Paracrine and autocrine signals promoting full chondrogenic differentiation of a mesoblastic cell line.

J Bone Miner Res 2004 Jan;19(1):100-10

ONRS UPR 1983, Laboratoire de Différenciation cellulaire et Prions, Villejuif, France.

Unlabelled: The pluripotent mesoblastic C1 cell line was used under serum-free culture conditions to investigate how paracrine and autocrine signals cooperate to drive chondrogenesis. Sequential addition of two systemic hormones, dexamethasone and triiodothyronine, permits full chondrogenic differentiation. The cell intrinsic activation of the BMP signaling pathway and Sox9 expression occurring on mesoblastic condensation is insufficient for recruitment of the progenitors. Dexamethasone-dependent Sox9 upregulation is essential for chondrogenesis.
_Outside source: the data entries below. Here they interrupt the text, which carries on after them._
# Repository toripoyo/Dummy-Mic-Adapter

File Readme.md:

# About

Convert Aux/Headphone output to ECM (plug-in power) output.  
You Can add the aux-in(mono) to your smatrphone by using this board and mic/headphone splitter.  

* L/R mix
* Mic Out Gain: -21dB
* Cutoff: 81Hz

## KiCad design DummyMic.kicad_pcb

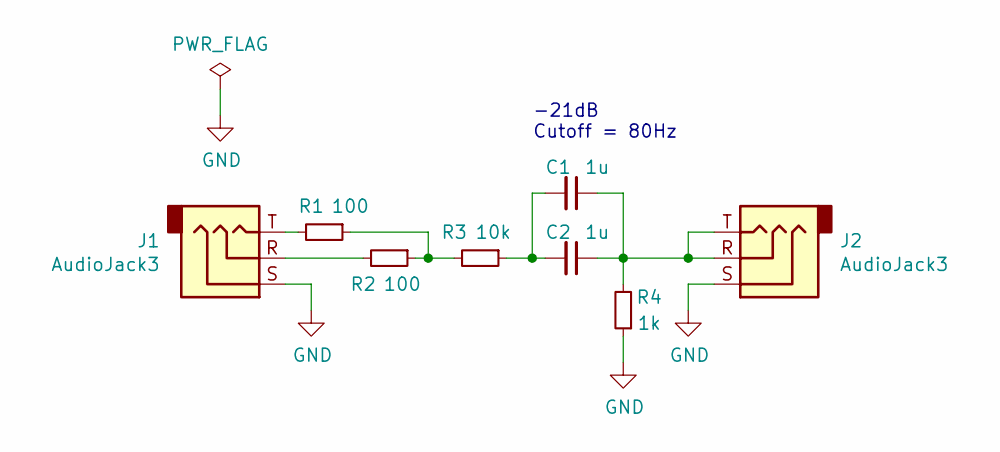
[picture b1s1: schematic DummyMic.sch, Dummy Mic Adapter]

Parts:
C1, C2: 1u; C_0805_2012Metric_Pad1.15x1.40mm_HandSolder
J1, J2: AudioJack3; PJ-3420
R1, R2: 100; R_0603_1608Metric_Pad1.05x0.95mm_HandSolder
R3: 10k; R_0603_1608Metric_Pad1.05x0.95mm_HandSolder
R4: 1k; R_0603_1608Metric_Pad1.05x0.95mm_HandSolder

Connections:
GND: J1.S, J2.S, R4.1
unnamed: C1.1, C2.1, J2.R, J2.T, R4.2
unnamed: C1.2, C2.2, R3.1
unnamed: J1.R, R2.2
unnamed: J1.T, R1.2
unnamed: R1.1, R2.1, R3.2

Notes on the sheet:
-21dB Cutoff = 80Hz

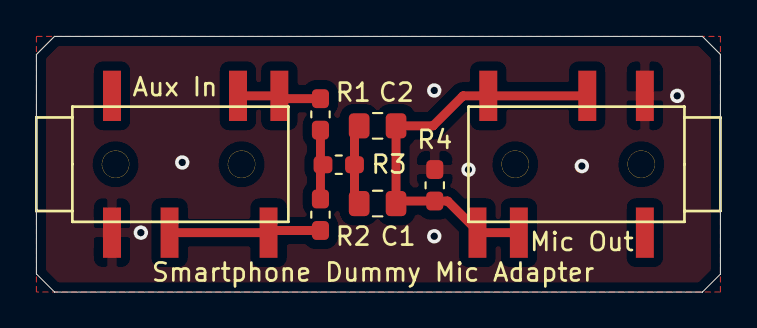
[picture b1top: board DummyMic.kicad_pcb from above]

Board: 2 copper layers, 38.0 x 14.2 mm, 8 parts (0 on the bottom side), 6 nets.

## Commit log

2020-08-24 プロジェクトファイル更新
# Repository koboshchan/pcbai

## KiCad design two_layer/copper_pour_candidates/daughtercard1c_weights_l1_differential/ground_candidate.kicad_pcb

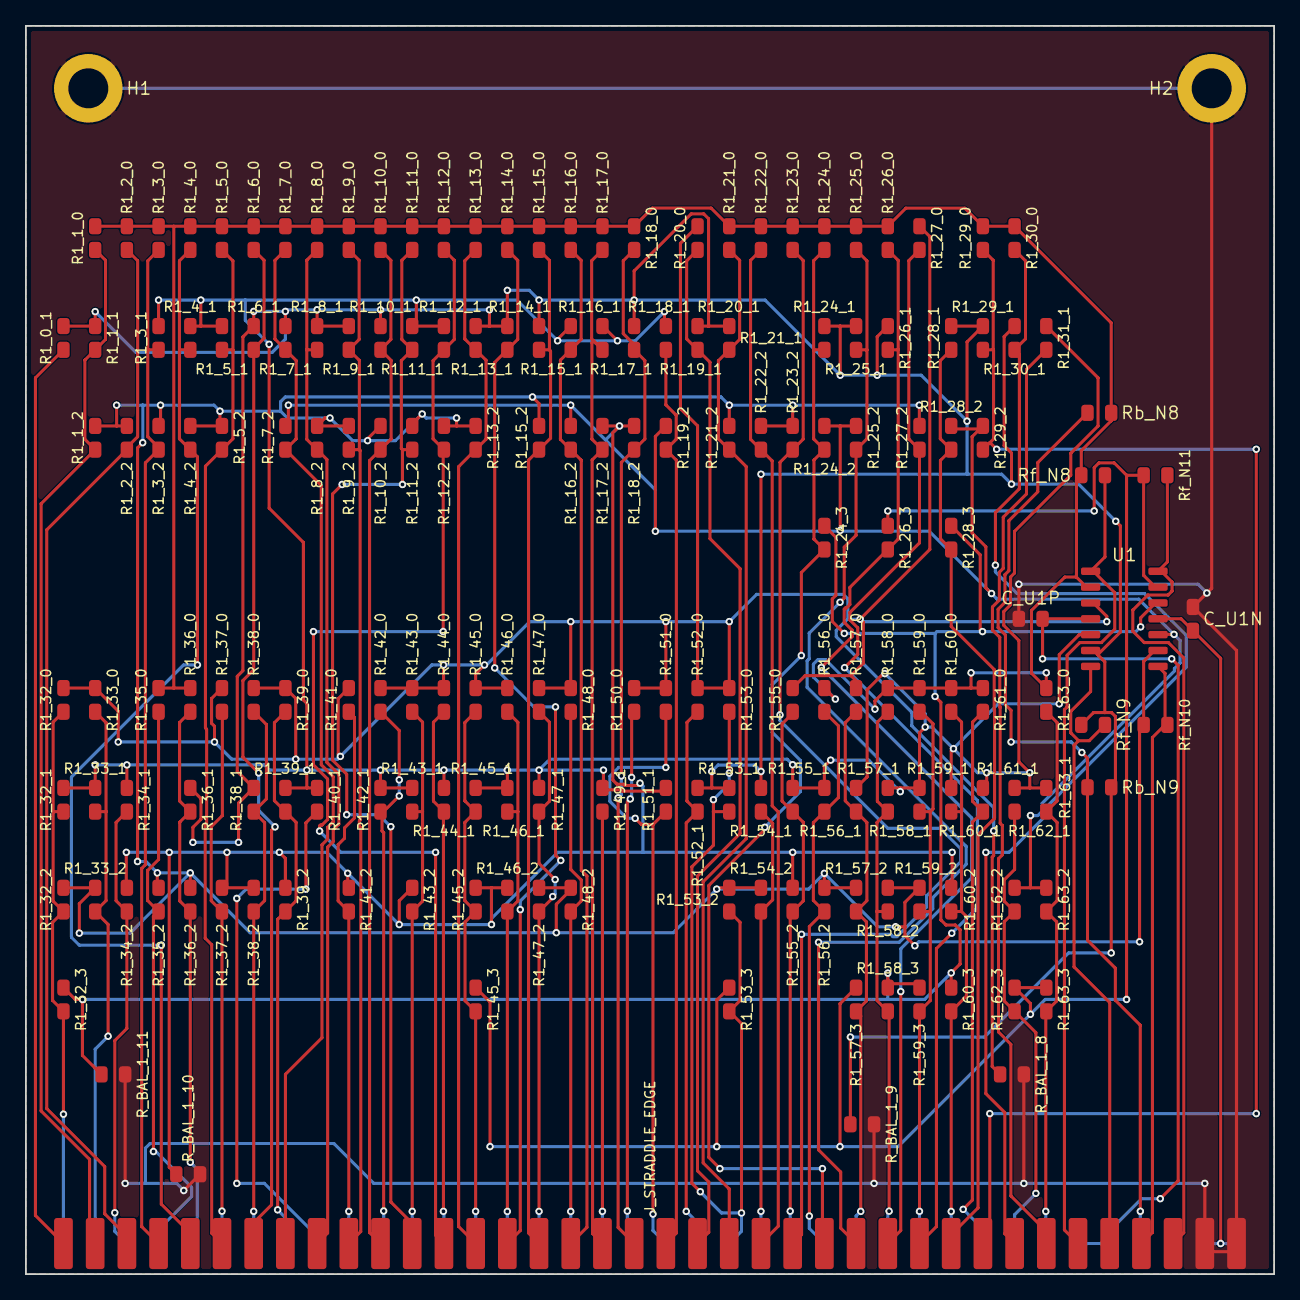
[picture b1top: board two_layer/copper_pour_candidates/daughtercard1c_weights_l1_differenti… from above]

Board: 2 copper layers, 100.0 x 100.0 mm, 187 parts (0 on the bottom side), 80 nets.

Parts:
C_U1N, C_U1P: 0.1uF; C_0805_2012Metric
H1, H2: MountingHole; MountingHole_3.2mm_M3_Pad
J_STRADDLE_EDGE: PinHeader_2x38_Straddle; PinHeader_2x38_Straddle_P2.54mm
R1_0_1: 51k; R_0805_2012Metric
R1_1_0, R1_4_0, R1_11_1, R1_13_1, R1_23_2, R1_28_3, R1_43_1, R1_45_0: 180k; R_0805_2012Metric
R1_1_1: 33k; R_0805_2012Metric
R1_1_2, R1_4_1: 43k; R_0805_2012Metric
R1_2_0, R1_22_2, R1_26_1, R1_28_2, R1_33_1, R1_37_0, R1_37_2, R1_39_2, R1_44_0, R1_44_1, R1_45_1, R1_46_1, R1_48_2, R1_49_1, R1_59_2: 270k; R_0805_2012Metric
R1_2_2, R1_3_1, R1_18_2, R1_56_0: 62k; R_0805_2012Metric
R1_3_0, R1_36_2: 1M; R_0805_2012Metric
R1_3_2, R1_18_0, R1_22_0: 120k; R_0805_2012Metric
R1_4_2, R1_14_1, R1_17_0, R1_18_1, R1_34_1, R1_63_1: 160k; R_0805_2012Metric
R1_5_0, R1_9_1, R1_11_0, R1_47_2, R1_59_0: 360k; R_0805_2012Metric
R1_5_1, R1_8_0, R1_19_2: 75k; R_0805_2012Metric
R1_5_2, R1_10_1, R1_21_1, R1_28_1, R1_39_0, R1_41_0, R1_45_3, R1_63_0: 240k; R_0805_2012Metric
R1_6_0, R1_12_2, R1_19_1, R1_33_2, R1_57_2: 330k; R_0805_2012Metric
R1_6_1, R1_11_2, R1_15_1, R1_16_0, R1_32_0, R1_56_1, R1_60_3, R1_62_1: 110k; R_0805_2012Metric
R1_7_0, R1_16_2, R1_17_2, R1_32_2: 47k; R_0805_2012Metric
R1_7_1, R1_8_2, R1_47_1: 39k; R_0805_2012Metric
R1_7_2: 27k; R_0805_2012Metric
R1_8_1, R1_10_2, R1_16_1, R1_32_1, R1_38_0: 91k; R_0805_2012Metric
R1_9_0, R1_52_0, R1_53_0, R1_53_2: 620k; R_0805_2012Metric
R1_9_2, R1_56_2: 100k; R_0805_2012Metric
R1_10_0, R1_13_0, R1_17_1, R1_50_0, R1_51_0, R1_58_1, R1_58_2: 220k; R_0805_2012Metric
R1_12_0, R1_33_0, R1_46_2: 430k; R_0805_2012Metric
R1_12_1, R1_42_1, R1_43_0, R1_53_3, R1_57_0, R1_59_3, R1_61_0: 300k; R_0805_2012Metric
R1_13_2, R1_26_0, R1_43_2, R1_47_0, R1_58_3, R1_63_3: 560k; R_0805_2012Metric
R1_14_0, R1_38_1, R1_38_2, R1_60_0: 510k; R_0805_2012Metric
R1_15_0, R1_40_1, R1_61_1: 68k; R_0805_2012Metric
R1_15_2: 82k; R_0805_2012Metric
R1_20_0, R1_25_0, R1_27_0, R1_42_0, R1_60_1: 470k; R_0805_2012Metric
R1_20_1, R1_35_0, R1_41_2, R1_59_1: 390k; R_0805_2012Metric
R1_21_0, R1_23_0, R1_24_1, R1_30_1, R1_39_1, R1_57_1: 130k; R_0805_2012Metric
R1_21_2, R1_32_3, R1_34_2: 910k; R_0805_2012Metric
R1_24_0, R1_30_0, R1_54_2, R1_62_2: 200k; R_0805_2012Metric
R1_24_2, R1_55_1: 56k; R_0805_2012Metric
R1_24_3, R1_25_2, R1_35_2, R1_36_0, R1_51_1, R1_52_1: 750k; R_0805_2012Metric
R1_25_1, R1_29_1, R1_46_0, R1_57_3, R1_62_3: 150k; R_0805_2012Metric
R1_26_3: 2.2M; R_0805_2012Metric
R1_27_2, R1_53_1, R1_54_1, R1_60_2: 820k; R_0805_2012Metric
R1_29_0, R1_55_0: 1.2M; R_0805_2012Metric
R1_29_2, R1_55_2: 1.3M; R_0805_2012Metric
R1_31_1: 3M; R_0805_2012Metric
R1_36_1, R1_48_0: 1.1M; R_0805_2012Metric
R1_45_2: 2M; R_0805_2012Metric
R1_58_0: 680k; R_0805_2012Metric
R1_63_2: 36k; R_0805_2012Metric
R_BAL_1_8: 8.66k; R_0805_2012Metric
R_BAL_1_9: 18.2k; R_0805_2012Metric
R_BAL_1_10: 35.7k; R_0805_2012Metric
R_BAL_1_11: 90.9k; R_0805_2012Metric
Rb_N8: 820k; R_0805_2012Metric
Rb_N9: 270k; R_0805_2012Metric
Rf_N8, Rf_N9, Rf_N10, Rf_N11: 100k; R_0805_2012Metric
U1: TL074; SOIC-14_3.9x8.7mm_P1.27mm

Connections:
+5V_REF: J_STRADDLE_EDGE.B35, Rb_N8.1, Rb_N9.1
+15V: C_U1P.2, J_STRADDLE_EDGE.B33, J_STRADDLE_EDGE.B34, U1.4
-15V: C_U1N.1, J_STRADDLE_EDGE.B37, J_STRADDLE_EDGE.B38, U1.11
GND: C_U1N.2, C_U1P.1, H1.1, H2.1, J_STRADDLE_EDGE.A37, J_STRADDLE_EDGE.A38, R_BAL_1_8.2, R_BAL_1_9.2, R_BAL_1_10.2, R_BAL_1_11.2
INV_N8: R1_1_0.2, R1_2_0.2, R1_3_0.2, R1_4_0.2, R1_5_0.2, R1_6_0.2, R1_7_0.2, R1_8_0.2, R1_9_0.2, R1_10_0.2, R1_11_0.2, R1_12_0.2, R1_13_0.2, R1_14_0.2, R1_15_0.2, R1_16_0.2, R1_17_0.2, R1_18_0.2, R1_21_0.2, R1_22_0.2, R1_23_0.2, R1_24_0.2, R1_25_0.2, R1_26_0.2, R1_29_0.2, R1_30_0.2, R1_35_0.2, R1_36_0.2, R1_56_0.2, R1_58_0.2, R1_59_0.2, R1_60_0.2, R1_61_0.2, R1_63_0.2, Rb_N8.2, Rf_N8.1, U1.2
INV_N9: R1_0_1.2, R1_1_1.2, R1_6_1.2, R1_7_1.2, R1_8_1.2, R1_9_1.2, R1_10_1.2, R1_13_1.2, R1_14_1.2, R1_15_1.2, R1_18_1.2, R1_20_1.2, R1_21_1.2, R1_24_1.2, R1_25_1.2, R1_26_1.2, R1_28_1.2, R1_29_1.2, R1_30_1.2, R1_36_1.2, R1_38_1.2, R1_52_1.2, R1_53_1.2, R1_54_1.2, R_BAL_1_9.1, Rb_N9.2, Rf_N9.1, U1.6
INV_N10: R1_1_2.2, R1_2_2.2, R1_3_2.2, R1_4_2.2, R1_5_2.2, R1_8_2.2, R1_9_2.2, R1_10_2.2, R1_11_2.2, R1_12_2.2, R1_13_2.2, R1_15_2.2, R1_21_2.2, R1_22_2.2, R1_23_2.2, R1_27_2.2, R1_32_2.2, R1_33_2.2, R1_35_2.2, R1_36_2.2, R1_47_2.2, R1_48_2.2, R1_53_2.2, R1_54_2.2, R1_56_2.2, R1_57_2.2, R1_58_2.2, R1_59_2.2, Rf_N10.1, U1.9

Introduction: Differentiation of lineage stem cells relies on cell autonomous regulations modulated by external signals. We used the pluripotent mesoblastic C1 cell line under serum-free culture conditions to investigate how paracrine and autocrine signals cooperate to induce differentiation of a precursor clone along the chondrogenic lineage.

Materials And Methods: C1 cells, cultured as aggregates, were induced toward chondrogenesis by addition of 10(-7) M dexamethasone in serum-free medium. After 30 days, dexamethasone was replaced by 10 nM triiodothyronine to promote final hypertrophic conversion. Mature and hypertrophic phenotypes were characterized by immunocytochemistry using specific antibodies against types II and X collagens, respectively. Type II collagen, bone morphogenetic proteins (BMPs), BMP receptors, Smads, and Sox9 expression were monitored by reverse transcriptase-polymerase chain reaction (RT-PCR), Northern blot, and/or Western blot analysis.

Results And Conclusions: Once C1 cells have formed nodules, sequential addition of two systemic hormones is sufficient to promote full chondrogenic differentiation. In response to dexamethasone, nearly 100% of the C1 precursors engage in chondrogenesis and convert within 30 days into mature chondrocytes, which triggers a typical cartilage matrix. On day 25, a switch in type II procollagen mRNA splicing acted as a limiting step in the acquisition of the mature chondrocyte phenotype. On day 30, substitution of dexamethasone with triiodothyronine triggers the final differentiation into hypertrophic chondrocytes within a further 15 days. The chondrogenic process is supported by intrinsic expression of Sox9 and BMP family genes. Similarly to the in vivo situation, activation of Sox9 expression and the BMP signaling pathway occurred on mesoblastic condensation. After induction, BMP-activated Smad nuclear translocation persisted throughout the process until the onset of hypertrophy. After dexamethasone addition, Sox9 expression was upregulated. Dexamethasone withdrawal reversed the increase in Sox9 expression and stopped differentiation. Thus, Sox9 seems to be a downstream mediator of dexamethasone action.